The lines to be copied are those below that contain "mode".

─── Records provided

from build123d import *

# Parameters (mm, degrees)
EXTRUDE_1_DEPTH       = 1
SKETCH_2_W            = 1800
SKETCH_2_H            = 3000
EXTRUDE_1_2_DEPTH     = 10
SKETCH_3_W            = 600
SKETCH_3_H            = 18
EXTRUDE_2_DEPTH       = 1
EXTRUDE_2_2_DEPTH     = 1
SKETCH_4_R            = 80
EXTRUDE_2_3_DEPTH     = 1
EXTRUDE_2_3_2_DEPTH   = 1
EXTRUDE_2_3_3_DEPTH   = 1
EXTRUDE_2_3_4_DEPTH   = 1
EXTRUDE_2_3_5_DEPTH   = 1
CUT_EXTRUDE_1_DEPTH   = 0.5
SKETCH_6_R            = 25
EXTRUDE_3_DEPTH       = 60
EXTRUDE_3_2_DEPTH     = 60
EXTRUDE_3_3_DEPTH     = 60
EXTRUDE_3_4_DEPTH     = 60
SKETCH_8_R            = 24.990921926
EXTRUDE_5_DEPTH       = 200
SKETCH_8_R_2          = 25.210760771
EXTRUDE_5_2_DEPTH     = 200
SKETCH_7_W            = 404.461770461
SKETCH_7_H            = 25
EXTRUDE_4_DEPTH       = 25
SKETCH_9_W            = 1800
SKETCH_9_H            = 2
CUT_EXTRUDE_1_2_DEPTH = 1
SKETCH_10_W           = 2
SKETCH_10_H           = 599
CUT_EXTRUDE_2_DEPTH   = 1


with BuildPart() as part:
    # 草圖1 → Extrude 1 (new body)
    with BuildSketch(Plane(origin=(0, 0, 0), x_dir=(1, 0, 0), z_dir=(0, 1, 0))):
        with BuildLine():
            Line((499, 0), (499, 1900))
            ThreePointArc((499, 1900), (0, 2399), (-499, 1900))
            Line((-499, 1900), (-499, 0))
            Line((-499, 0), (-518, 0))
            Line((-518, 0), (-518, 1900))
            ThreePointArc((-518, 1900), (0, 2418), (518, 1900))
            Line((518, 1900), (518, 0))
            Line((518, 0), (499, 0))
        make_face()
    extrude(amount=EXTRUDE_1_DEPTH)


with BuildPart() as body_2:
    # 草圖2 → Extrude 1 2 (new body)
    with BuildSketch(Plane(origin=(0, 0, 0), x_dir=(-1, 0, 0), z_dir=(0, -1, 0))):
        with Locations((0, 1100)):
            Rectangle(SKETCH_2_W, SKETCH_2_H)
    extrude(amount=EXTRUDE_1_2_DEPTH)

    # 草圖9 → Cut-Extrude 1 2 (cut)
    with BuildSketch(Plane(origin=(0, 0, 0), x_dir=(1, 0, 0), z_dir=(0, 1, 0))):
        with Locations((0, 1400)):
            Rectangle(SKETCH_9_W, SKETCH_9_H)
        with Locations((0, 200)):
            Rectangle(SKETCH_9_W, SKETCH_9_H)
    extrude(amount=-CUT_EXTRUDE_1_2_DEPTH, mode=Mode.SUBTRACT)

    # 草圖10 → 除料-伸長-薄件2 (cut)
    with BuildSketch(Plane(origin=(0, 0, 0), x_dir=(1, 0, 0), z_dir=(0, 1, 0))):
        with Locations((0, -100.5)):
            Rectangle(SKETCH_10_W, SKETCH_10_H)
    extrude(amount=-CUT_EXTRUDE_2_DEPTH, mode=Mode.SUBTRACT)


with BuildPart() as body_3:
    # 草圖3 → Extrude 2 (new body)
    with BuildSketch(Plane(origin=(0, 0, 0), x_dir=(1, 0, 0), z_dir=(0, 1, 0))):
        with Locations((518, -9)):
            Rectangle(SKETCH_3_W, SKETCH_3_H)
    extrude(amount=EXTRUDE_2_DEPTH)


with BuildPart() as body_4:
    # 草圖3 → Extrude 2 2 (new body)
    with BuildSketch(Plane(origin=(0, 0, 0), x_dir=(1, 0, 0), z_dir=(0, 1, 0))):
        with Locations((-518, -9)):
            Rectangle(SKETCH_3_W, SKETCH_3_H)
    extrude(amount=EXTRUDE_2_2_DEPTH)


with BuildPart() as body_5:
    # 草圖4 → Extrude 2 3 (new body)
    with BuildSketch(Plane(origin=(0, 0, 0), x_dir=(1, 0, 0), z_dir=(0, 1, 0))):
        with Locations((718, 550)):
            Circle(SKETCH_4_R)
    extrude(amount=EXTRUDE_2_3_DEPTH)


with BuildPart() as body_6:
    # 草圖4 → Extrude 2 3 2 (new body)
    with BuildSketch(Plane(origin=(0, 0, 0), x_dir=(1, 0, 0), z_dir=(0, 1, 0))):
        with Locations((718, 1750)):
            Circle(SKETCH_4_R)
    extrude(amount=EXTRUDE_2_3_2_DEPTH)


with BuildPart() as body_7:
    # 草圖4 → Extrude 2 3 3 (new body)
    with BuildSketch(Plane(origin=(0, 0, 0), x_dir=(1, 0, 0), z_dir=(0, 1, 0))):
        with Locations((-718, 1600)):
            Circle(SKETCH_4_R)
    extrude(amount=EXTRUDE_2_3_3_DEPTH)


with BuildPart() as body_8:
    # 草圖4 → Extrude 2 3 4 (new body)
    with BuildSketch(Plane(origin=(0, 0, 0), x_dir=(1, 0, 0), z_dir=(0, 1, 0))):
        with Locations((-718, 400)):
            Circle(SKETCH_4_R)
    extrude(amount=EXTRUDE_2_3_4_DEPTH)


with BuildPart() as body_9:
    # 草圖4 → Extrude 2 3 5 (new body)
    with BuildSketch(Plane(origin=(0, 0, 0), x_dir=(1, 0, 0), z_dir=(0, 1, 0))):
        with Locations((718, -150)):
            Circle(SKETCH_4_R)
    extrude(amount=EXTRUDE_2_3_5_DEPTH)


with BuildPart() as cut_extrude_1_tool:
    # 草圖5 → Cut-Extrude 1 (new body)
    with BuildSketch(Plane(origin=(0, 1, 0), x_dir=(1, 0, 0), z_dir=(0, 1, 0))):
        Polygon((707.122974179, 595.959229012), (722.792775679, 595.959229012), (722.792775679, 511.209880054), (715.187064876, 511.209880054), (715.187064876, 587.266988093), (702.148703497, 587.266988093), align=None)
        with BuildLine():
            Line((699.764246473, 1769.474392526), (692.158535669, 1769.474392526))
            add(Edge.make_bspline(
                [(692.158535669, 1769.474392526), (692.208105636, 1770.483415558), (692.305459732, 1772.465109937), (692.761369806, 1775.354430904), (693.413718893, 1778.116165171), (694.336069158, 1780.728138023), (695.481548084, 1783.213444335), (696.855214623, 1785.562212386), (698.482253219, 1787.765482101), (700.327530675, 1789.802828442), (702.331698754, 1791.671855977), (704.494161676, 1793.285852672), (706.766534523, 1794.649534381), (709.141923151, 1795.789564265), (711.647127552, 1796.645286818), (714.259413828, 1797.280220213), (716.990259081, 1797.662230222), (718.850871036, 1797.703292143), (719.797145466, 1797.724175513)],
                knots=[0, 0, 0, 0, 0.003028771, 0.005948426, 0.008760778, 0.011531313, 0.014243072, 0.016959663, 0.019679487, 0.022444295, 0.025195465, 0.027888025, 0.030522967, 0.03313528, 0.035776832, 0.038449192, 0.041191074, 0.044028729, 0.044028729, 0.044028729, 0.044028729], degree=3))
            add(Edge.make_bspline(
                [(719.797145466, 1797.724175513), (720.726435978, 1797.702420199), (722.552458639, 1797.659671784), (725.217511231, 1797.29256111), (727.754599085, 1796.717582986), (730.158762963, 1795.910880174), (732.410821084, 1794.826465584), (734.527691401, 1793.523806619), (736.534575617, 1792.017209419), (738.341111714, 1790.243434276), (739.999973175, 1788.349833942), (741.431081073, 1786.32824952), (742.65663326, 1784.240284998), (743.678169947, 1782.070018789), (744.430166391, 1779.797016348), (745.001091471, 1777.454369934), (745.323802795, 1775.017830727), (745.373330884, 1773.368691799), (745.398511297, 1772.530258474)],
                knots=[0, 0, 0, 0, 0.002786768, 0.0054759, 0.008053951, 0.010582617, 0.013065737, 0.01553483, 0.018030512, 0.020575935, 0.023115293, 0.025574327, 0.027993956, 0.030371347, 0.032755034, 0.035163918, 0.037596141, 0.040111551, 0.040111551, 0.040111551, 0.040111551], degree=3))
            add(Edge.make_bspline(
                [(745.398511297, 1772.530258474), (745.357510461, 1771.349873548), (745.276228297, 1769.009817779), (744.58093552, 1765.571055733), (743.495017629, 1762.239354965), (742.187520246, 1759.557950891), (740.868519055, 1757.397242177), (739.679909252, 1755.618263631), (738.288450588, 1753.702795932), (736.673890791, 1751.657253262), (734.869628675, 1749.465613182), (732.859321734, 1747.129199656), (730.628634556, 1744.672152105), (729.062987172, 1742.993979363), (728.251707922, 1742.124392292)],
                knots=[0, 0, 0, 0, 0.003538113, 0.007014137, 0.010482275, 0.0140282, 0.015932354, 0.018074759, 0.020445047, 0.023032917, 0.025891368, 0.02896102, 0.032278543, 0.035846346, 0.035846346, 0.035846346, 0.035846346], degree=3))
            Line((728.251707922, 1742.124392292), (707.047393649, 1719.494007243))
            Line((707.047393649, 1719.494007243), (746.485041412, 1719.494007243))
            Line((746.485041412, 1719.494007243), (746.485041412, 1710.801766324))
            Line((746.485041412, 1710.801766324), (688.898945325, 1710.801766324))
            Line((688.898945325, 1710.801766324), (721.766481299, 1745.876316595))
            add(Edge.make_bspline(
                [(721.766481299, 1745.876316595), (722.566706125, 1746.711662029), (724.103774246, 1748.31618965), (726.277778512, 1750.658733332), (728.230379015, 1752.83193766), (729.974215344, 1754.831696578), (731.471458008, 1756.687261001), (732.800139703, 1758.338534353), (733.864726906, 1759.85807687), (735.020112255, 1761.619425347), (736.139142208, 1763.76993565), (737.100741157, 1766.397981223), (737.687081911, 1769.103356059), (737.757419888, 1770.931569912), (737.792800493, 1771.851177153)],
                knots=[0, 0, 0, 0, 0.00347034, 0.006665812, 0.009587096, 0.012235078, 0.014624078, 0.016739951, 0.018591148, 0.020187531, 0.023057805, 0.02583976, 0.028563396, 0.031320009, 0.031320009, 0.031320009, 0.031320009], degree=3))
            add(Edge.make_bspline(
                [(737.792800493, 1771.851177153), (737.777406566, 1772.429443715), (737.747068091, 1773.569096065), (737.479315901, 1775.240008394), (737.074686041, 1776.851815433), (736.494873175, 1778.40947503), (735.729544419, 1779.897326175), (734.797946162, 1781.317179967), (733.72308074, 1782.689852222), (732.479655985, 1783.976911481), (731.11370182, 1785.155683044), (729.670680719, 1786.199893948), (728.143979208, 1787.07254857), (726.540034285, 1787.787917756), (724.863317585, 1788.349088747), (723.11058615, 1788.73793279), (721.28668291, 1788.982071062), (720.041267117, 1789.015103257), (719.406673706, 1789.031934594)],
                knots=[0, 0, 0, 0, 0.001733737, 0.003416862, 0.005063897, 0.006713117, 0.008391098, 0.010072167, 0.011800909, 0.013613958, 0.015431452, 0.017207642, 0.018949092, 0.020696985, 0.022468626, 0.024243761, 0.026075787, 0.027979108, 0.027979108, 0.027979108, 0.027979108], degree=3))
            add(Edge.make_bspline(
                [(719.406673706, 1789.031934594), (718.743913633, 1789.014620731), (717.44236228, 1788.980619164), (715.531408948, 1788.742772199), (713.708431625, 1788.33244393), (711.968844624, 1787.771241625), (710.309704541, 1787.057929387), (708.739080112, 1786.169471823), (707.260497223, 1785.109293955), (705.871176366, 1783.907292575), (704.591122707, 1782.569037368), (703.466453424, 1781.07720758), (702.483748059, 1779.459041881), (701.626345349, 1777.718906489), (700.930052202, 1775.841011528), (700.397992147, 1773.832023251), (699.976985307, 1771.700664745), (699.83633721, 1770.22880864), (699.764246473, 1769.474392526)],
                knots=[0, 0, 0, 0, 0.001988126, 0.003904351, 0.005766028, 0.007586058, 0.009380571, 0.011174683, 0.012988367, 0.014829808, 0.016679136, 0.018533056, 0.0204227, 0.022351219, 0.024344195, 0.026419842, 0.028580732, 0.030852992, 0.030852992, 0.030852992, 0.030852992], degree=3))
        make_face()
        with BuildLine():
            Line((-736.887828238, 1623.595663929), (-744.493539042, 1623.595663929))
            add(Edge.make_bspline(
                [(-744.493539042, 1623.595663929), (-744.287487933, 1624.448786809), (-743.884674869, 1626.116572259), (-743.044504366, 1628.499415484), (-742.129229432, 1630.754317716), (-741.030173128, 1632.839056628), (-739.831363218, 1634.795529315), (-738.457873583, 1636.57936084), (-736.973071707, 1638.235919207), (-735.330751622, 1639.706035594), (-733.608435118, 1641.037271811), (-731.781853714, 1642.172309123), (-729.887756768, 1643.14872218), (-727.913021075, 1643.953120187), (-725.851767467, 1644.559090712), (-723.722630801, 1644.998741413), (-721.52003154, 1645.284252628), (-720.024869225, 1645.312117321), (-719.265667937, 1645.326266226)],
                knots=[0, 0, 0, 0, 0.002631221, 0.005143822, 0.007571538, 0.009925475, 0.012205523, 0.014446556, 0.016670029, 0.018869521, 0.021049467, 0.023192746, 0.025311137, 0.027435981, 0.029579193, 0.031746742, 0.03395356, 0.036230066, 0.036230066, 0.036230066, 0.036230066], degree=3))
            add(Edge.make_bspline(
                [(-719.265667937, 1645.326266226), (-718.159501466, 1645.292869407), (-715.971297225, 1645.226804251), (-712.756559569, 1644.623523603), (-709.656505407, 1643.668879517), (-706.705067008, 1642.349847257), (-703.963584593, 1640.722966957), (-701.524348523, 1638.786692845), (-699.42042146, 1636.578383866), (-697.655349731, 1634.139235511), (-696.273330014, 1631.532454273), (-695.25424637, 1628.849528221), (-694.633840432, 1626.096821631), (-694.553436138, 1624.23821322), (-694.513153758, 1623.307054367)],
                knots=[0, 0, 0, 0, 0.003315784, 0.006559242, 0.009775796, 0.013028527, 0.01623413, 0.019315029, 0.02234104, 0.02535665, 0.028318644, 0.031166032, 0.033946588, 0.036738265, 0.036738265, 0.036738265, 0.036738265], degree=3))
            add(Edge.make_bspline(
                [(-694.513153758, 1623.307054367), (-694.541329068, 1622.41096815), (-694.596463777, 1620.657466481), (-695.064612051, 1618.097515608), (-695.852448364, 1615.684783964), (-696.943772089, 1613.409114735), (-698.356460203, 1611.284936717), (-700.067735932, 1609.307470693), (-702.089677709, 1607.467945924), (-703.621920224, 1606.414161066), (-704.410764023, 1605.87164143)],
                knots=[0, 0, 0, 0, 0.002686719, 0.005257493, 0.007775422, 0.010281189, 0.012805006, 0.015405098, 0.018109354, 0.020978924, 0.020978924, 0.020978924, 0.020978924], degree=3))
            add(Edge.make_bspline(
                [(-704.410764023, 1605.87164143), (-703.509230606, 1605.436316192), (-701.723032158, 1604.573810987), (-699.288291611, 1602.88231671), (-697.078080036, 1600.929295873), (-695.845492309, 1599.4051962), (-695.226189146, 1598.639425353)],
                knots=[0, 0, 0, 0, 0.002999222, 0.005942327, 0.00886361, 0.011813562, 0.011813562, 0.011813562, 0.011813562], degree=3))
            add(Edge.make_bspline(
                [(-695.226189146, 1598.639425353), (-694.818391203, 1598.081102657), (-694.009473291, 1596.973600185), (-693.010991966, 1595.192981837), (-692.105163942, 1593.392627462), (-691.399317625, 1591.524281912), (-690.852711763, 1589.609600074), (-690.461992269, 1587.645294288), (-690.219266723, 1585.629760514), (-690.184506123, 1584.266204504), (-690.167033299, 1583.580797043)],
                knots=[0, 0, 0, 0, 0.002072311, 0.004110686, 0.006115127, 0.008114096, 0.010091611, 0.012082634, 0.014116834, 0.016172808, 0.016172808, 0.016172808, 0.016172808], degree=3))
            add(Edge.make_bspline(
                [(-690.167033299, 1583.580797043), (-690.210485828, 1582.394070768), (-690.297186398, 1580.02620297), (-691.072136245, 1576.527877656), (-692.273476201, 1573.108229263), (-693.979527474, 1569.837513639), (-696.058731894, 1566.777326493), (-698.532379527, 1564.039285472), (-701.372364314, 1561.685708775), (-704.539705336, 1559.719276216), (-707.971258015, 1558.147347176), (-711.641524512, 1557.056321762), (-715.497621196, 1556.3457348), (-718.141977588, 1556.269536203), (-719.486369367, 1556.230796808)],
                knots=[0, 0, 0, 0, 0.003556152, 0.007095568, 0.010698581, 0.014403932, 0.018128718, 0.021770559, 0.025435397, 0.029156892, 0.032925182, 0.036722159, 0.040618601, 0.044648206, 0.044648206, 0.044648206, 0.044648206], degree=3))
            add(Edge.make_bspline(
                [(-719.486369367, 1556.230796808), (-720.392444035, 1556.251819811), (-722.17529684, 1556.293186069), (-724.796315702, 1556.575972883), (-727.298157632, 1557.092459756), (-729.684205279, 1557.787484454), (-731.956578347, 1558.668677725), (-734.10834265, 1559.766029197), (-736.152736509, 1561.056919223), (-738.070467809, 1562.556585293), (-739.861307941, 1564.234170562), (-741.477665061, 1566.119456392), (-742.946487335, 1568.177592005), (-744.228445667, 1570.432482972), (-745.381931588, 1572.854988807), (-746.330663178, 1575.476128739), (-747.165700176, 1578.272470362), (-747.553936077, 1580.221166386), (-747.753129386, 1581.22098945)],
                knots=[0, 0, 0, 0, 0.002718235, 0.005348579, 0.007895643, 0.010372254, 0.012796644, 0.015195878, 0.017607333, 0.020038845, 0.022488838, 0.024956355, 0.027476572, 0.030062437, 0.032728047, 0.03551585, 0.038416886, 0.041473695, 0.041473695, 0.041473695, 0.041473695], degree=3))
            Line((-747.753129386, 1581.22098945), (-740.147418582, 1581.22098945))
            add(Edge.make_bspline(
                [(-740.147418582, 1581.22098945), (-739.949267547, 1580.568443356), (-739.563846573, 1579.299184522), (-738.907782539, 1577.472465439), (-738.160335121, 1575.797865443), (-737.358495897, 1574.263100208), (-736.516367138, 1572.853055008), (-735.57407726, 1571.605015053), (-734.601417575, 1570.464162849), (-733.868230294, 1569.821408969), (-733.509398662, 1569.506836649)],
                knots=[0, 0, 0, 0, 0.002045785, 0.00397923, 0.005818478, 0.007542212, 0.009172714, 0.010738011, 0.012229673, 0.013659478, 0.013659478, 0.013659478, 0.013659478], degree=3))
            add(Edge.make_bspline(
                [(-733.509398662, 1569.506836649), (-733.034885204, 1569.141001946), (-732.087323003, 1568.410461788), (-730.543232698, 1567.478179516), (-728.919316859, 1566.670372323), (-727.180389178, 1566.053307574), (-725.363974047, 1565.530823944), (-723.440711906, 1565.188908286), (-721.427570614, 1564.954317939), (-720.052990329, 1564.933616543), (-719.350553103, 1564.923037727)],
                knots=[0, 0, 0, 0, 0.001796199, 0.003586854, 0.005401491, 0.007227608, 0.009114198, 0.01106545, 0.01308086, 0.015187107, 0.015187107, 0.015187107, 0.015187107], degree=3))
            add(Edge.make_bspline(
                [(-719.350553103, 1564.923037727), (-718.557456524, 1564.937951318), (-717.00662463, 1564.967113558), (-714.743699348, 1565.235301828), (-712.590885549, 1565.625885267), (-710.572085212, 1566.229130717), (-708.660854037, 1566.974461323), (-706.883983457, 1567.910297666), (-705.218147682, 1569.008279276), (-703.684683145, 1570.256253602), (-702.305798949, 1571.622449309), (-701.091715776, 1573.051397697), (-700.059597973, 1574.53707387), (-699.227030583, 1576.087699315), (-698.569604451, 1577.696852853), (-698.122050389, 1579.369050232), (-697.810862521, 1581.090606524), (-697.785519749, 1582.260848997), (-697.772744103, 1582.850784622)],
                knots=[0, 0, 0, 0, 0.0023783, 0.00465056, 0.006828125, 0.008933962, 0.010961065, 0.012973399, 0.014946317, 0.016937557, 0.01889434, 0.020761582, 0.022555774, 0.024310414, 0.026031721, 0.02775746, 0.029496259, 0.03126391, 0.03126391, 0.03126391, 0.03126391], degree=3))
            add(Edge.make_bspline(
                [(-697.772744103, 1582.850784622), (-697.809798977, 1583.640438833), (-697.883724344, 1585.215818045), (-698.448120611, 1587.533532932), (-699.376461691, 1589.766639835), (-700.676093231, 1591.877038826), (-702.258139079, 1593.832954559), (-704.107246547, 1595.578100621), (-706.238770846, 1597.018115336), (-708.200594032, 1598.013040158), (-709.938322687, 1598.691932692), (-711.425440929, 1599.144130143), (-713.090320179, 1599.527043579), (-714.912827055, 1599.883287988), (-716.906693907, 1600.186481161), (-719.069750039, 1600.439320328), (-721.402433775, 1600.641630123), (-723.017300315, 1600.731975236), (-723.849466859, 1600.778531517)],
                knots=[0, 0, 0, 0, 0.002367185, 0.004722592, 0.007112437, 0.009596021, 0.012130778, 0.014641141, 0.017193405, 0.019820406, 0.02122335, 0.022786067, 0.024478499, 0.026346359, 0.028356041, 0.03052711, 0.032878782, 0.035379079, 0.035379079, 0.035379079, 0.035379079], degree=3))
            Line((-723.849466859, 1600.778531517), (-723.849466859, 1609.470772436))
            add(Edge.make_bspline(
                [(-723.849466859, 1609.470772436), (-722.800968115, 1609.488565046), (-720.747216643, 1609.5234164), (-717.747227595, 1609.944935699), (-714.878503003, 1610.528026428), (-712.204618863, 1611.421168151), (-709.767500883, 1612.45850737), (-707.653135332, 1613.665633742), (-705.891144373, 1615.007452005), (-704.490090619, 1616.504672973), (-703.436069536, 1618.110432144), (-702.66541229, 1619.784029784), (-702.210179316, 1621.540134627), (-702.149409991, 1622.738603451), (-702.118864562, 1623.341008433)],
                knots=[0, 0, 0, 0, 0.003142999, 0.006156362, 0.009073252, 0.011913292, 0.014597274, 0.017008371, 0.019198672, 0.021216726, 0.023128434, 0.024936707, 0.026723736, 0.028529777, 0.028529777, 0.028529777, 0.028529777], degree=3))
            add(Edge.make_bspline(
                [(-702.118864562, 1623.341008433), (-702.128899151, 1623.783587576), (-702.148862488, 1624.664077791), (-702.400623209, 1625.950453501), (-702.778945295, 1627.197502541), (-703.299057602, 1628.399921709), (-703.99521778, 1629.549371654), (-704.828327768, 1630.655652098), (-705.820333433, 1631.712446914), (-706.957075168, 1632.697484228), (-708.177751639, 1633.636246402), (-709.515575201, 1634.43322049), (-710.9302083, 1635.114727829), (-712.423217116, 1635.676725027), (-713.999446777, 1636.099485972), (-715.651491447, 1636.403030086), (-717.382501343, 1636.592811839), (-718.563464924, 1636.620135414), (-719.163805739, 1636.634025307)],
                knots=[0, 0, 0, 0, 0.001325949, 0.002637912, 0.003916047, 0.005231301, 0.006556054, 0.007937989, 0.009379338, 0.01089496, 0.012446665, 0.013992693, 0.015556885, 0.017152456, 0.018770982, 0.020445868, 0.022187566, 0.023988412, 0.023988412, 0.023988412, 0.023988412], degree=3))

──────

- _Exercise answer_:
    extrude(amount=-CUT_EXTRUDE_1_2_DEPTH, mode=Mode.SUBTRACT)
    extrude(amount=-CUT_EXTRUDE_2_DEPTH, mode=Mode.SUBTRACT)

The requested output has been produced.